町田さんは、勝手にクールなイメージがあったのですが、気さくな方でした。さりげなく、みんなを引っ張ってくれるお兄さん。芝居だけではなく、さまざまなことに対してアイディアをくださって、作品を届けることへ思いを持っている、愛のある方だと感じました」
――出演者もスタッフも同世代が多く、かなり綿密にディスカッションをしながら撮影を進めたと伺いました。どのようなシーンでどんな話し合いがあったのか、本間さんが印象的だったことを教えてください。
「第6話のタコパのシーンで、実際に演じてみたら安達の心情的に少し難しいモノローグの箇所がありました。赤楚さん、町田さん、草川さん、林監督含め、どういう流れになったら源泉となる安達も、それを向けられる黒沢も違和感がないのか話して、現場で少し流れを変えました。些細なことでもディスカッションする真摯さに、みんながみんな“これは自分の作品だ”って考えているような温かさを感じて、印象に残っています」
――赤楚さんと町田さん以外にも、魅力的なキャストが多数出演しています。柘植(浅香航大さん)、湊(ゆうたろうさん)、六角(草川拓弥さん)、藤崎さん(佐藤玲さん)について、それぞれ撮影時の演技はいかがでしたか。
「浅香さんは、想像を遥かに超えた新しい顔を見せていただき、すごく新鮮で面白かったし感動しました。
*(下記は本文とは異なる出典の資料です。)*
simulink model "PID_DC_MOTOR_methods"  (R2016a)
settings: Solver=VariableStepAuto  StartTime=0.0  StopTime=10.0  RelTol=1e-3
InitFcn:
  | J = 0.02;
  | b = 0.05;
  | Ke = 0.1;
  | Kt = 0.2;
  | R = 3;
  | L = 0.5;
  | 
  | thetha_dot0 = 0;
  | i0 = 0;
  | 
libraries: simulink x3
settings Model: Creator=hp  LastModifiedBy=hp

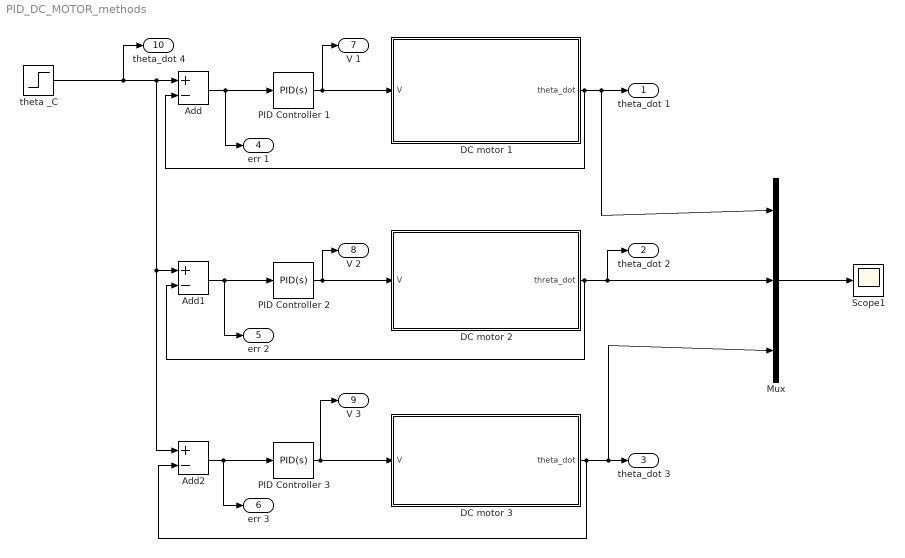
== system PID_DC_MOTOR_methods ==
  Add : Sum  Inputs=+-
  Add1 : Sum  Inputs=+-
  Add2 : Sum  Inputs=+-
  DC motor 1 : Subsystem
  DC motor 2 : Subsystem
  "DC motor 3 " : Subsystem
  Mux : Mux  Inputs=3
  PID Controller 1 : simulink/Continuous/PID Controller  Controller=PID  TimeDomain=Continuous-time  SampleTime=-1  IntegratorMethod=Forward Euler  FilterMethod=Forward Euler  Form=Parallel  UseFilter=on  ControllerParametersSource=internal  P=1.58461932315823  I=3.79137917089873  D=0.154298043345485  N=439.358617384515  InitialConditionSource=internal  InitialConditionForIntegrator=0  InitialConditionForFilter=0  ExternalReset=none  LimitOutput=off  UpperSaturationLimit=inf  LowerSaturationLimit=-inf  LinearizeAsGain=on  AntiWindupMode=none  Kb=1  TrackingMode=off  Kt=1  PParamMin=[]  PParamMax=[]  IParamMin=[]  IParamMax=[]  DParamMin=[]  DParamMax=[]  NParamMin=[]  NParamMax=[]  KbParamMin=[]  KbParamMax=[]  KtParamMin=[]  KtParamMax=[]  POutMin=[]  POutMax=[]  IOutMin=[]  IOutMax=[]  DOutMin=[]  DOutMax=[]  NOutMin=[]  NOutMax=[]  KbOutMin=[]  KbOutMax=[]  KtOutMin=[]  KtOutMax=[]  IntegratorOutMin=[]  IntegratorOutMax=[]  FilterOutMin=[]  FilterOutMax=[]  SumOutMin=[]  SumOutMax=[]  SumI1OutMin=[]  SumI1OutMax=[]  SumI2OutMin=[]  SumI2OutMax=[]  SumI3OutMin=[]  SumI3OutMax=[]  SumDOutMin=[]  SumDOutMax=[]  SaturationOutMin=[]  SaturationOutMax=[]  IntegratorContinuousStateAttributes=''  IntegratorStateMustResolveToSignalObject=off  IntegratorRTWStateStorageClass=Auto  FilterContinuousStateAttributes=''  FilterStateMustResolveToSignalObject=off  FilterRTWStateStorageClass=Auto  DifferentiatorICPrevScaledInput=0  DifferentiatorOutMin=[]  DifferentiatorOutMax=[]
  PID Controller 2 : simulink/Continuous/PID Controller  Controller=PID  TimeDomain=Continuous-time  SampleTime=-1  IntegratorMethod=Forward Euler  FilterMethod=Forward Euler  Form=Parallel  UseFilter=on  ControllerParametersSource=internal  P=1.58461932315823  I=3.79137917089873  D=0.154298043345485  N=439.358617384515  InitialConditionSource=internal  InitialConditionForIntegrator=0  InitialConditionForFilter=0  ExternalReset=none  LimitOutput=off  UpperSaturationLimit=inf  LowerSaturationLimit=-inf  LinearizeAsGain=on  AntiWindupMode=none  Kb=1  TrackingMode=off  Kt=1  PParamMin=[]  PParamMax=[]  IParamMin=[]  IParamMax=[]  DParamMin=[]  DParamMax=[]  NParamMin=[]  NParamMax=[]  KbParamMin=[]  KbParamMax=[]  KtParamMin=[]  KtParamMax=[]  POutMin=[]  POutMax=[]  IOutMin=[]  IOutMax=[]  DOutMin=[]  DOutMax=[]  NOutMin=[]  NOutMax=[]  KbOutMin=[]  KbOutMax=[]  KtOutMin=[]  KtOutMax=[]  IntegratorOutMin=[]  IntegratorOutMax=[]  FilterOutMin=[]  FilterOutMax=[]  SumOutMin=[]  SumOutMax=[]  SumI1OutMin=[]  SumI1OutMax=[]  SumI2OutMin=[]  SumI2OutMax=[]  SumI3OutMin=[]  SumI3OutMax=[]  SumDOutMin=[]  SumDOutMax=[]  SaturationOutMin=[]  SaturationOutMax=[]  IntegratorContinuousStateAttributes=''  IntegratorStateMustResolveToSignalObject=off  IntegratorRTWStateStorageClass=Auto  FilterContinuousStateAttributes=''  FilterStateMustResolveToSignalObject=off  FilterRTWStateStorageClass=Auto  DifferentiatorICPrevScaledInput=0  DifferentiatorOutMin=[]  DifferentiatorOutMax=[]
  PID Controller 3 : simulink/Continuous/PID Controller  Controller=PID  TimeDomain=Continuous-time  SampleTime=-1  IntegratorMethod=Forward Euler  FilterMethod=Forward Euler  Form=Parallel  UseFilter=on  ControllerParametersSource=internal  P=1.58461932315823  I=3.79137917089873  D=0.154298043345485  N=439.358617384515  InitialConditionSource=internal  InitialConditionForIntegrator=0  InitialConditionForFilter=0  ExternalReset=none  LimitOutput=off  UpperSaturationLimit=inf  LowerSaturationLimit=-inf  LinearizeAsGain=on  AntiWindupMode=none  Kb=1  TrackingMode=off  Kt=1  PParamMin=[]  PParamMax=[]  IParamMin=[]  IParamMax=[]  DParamMin=[]  DParamMax=[]  NParamMin=[]  NParamMax=[]  KbParamMin=[]  KbParamMax=[]  KtParamMin=[]  KtParamMax=[]  POutMin=[]  POutMax=[]  IOutMin=[]  IOutMax=[]  DOutMin=[]  DOutMax=[]  NOutMin=[]  NOutMax=[]  KbOutMin=[]  KbOutMax=[]  KtOutMin=[]  KtOutMax=[]  IntegratorOutMin=[]  IntegratorOutMax=[]  FilterOutMin=[]  FilterOutMax=[]  SumOutMin=[]  SumOutMax=[]  SumI1OutMin=[]  SumI1OutMax=[]  SumI2OutMin=[]  SumI2OutMax=[]  SumI3OutMin=[]  SumI3OutMax=[]  SumDOutMin=[]  SumDOutMax=[]  SaturationOutMin=[]  SaturationOutMax=[]  IntegratorContinuousStateAttributes=''  IntegratorStateMustResolveToSignalObject=off  IntegratorRTWStateStorageClass=Auto  FilterContinuousStateAttributes=''  FilterStateMustResolveToSignalObject=off  FilterRTWStateStorageClass=Auto  DifferentiatorICPrevScaledInput=0  DifferentiatorOutMin=[]  DifferentiatorOutMax=[]
  Scope1 : Scope
  theta _C : Step  Time=0  After=0.25  SampleTime=0
  theta_dot 1 : Outport
  theta_dot 2 : Outport  Port=2
  theta_dot 3 : Outport  Port=3
  err 1 : Outport  Port=4
  err 2 : Outport  Port=5
  err 3 : Outport  Port=6
  V 1 : Outport  Port=7
  V 2 : Outport  Port=8
  V 3 : Outport  Port=9
  theta_dot 4 : Outport  Port=10
  wires:
  DC motor 1/1(theta_dot) -> Add/2, Mux/1, theta_dot 1/1
  PID Controller 1/1 -> DC motor 1/1(V), V 1/1
  Add/1 -> err 1/1, PID Controller 1/1
  theta _C/1 -> theta_dot 4/1, Add2/1, Add1/1, Add/1
  PID Controller 2/1 -> V 2/1, DC motor 2/1(V)
  Add1/1 -> PID Controller 2/1, err 2/1
  DC motor 2/1(threta_dot) -> Add1/2, theta_dot 2/1, Mux/2
  PID Controller 3/1 -> "DC motor 3 "/1(V), V 3/1
  Add2/1 -> PID Controller 3/1, err 3/1
  "DC motor 3 "/1(theta_dot) -> Add2/2, Mux/3, theta_dot 3/1
  Mux/1 -> Scope1/1

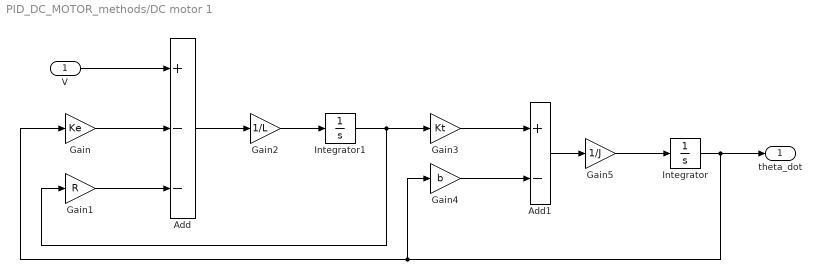
== system PID_DC_MOTOR_methods/DC motor 1 ==
  V : Inport
  Add : Sum  Inputs=+--
  Add1 : Sum  Inputs=+-
  Gain : Gain  Gain=Ke
  Gain1 : Gain  Gain=R
  Gain2 : Gain  Gain=1/L
  Gain3 : Gain  Gain=Kt
  Gain4 : Gain  Gain=b
  Gain5 : Gain  Gain=1/J
  Integrator : Integrator  InitialCondition=thetha_dot0
  Integrator1 : Integrator  InitialCondition=i0
  theta_dot : Outport
  wires:
  Integrator/1 -> theta_dot/1, Gain4/1, Gain/1
  V/1 -> Add/1
  Gain5/1 -> Integrator/1
  Gain3/1 -> Add1/1
  Gain2/1 -> Integrator1/1
  Gain1/1 -> Add/3
  Add/1 -> Gain2/1
  Add1/1 -> Gain5/1
  Gain4/1 -> Add1/2
  Integrator1/1 -> Gain1/1, Gain3/1
  Gain/1 -> Add/2

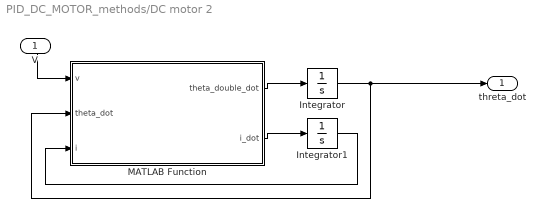
== system PID_DC_MOTOR_methods/DC motor 2 ==
  V : Inport
  Integrator : Integrator
  Integrator1 : Integrator
  MATLAB Function : MATLAB Function  TreatAsAtomicUnit=on
  threta_dot : Outport
  wires:
  MATLAB Function/1(theta_double_dot) -> Integrator/1
  MATLAB Function/2(i_dot) -> Integrator1/1
  Integrator/1 -> threta_dot/1, MATLAB Function/2(theta_dot)
  Integrator1/1 -> MATLAB Function/3(i)
  V/1 -> MATLAB Function/1(v)

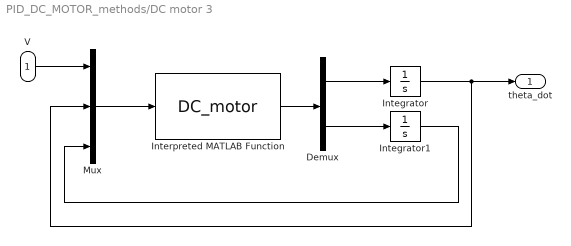
== system PID_DC_MOTOR_methods/DC motor 3  ==
  V : Inport
  Demux : Demux  Outputs=2
  Integrator : Integrator
  Integrator1 : Integrator
  Interpreted MATLAB Function : MATLABFcn  MATLABFcn=DC_motor
  Mux : Mux  Inputs=3
  theta_dot : Outport
  wires:
  Interpreted MATLAB Function/1 -> Demux/1
  Demux/1 -> Integrator/1
  Integrator/1 -> Mux/2, theta_dot/1
  V/1 -> Mux/1
  Integrator1/1 -> Mux/3
  Demux/2 -> Integrator1/1
  Mux/1 -> Interpreted MATLAB Function/1

== matlab function PID_DC_MOTOR_methods/DC motor 2/MATLAB Function ==
  data: v input; theta_double_dot output; theta_dot input; i input; i_dot output
function [theta_double_dot,i_dot] = fcn(v,theta_dot,i)
%#codegen
J = 0.02; % 
b = 0.05;
Ke = 0.1; 
Kt = 0.2;
R = 3;
L = 0.5;
theta_double_dot = (Kt *i - b * theta_dot)/J;
i_dot = (v - Ke * theta_dot - R * i) / L;

柘植の台詞や行動は真っすぐだからこそ、生身の人間に変換したときに上滑りしたものになるか響くものになるか紙一重の所がありました。そこで、浅香さんが演じると説得力と響きが生まれる。第8話、湊を激励するシーンは現場で見ていて泣きそうになりましたし、走り方も柘植らしさ全開ですがそれ以外の何気ない部屋での動き一つとっても、ものすごく“柘植“の感じが出ていて、スタッフみんなで『すごい!』と沸きました。
ゆうたろうさんは、ツンデレな湊に小悪魔感を与えてくれました。湊の“ツン”の塩梅を監督と試行錯誤する際も、直向きに向き合ってくださっていました。Blu-rayには特別編集版として湊のダンスのフルバージョンを入れてあるので、ぜひ見ていただきたいです。
草川さんは愛嬌のある後輩ポジションが元々似合う印象がありますが、ふとした時に見せる表情にそれだけじゃないものを感じさせる魅力がありました。六角の中に点在しているギャップをとても自然に、一人の人間のものとして紡いでくださいました。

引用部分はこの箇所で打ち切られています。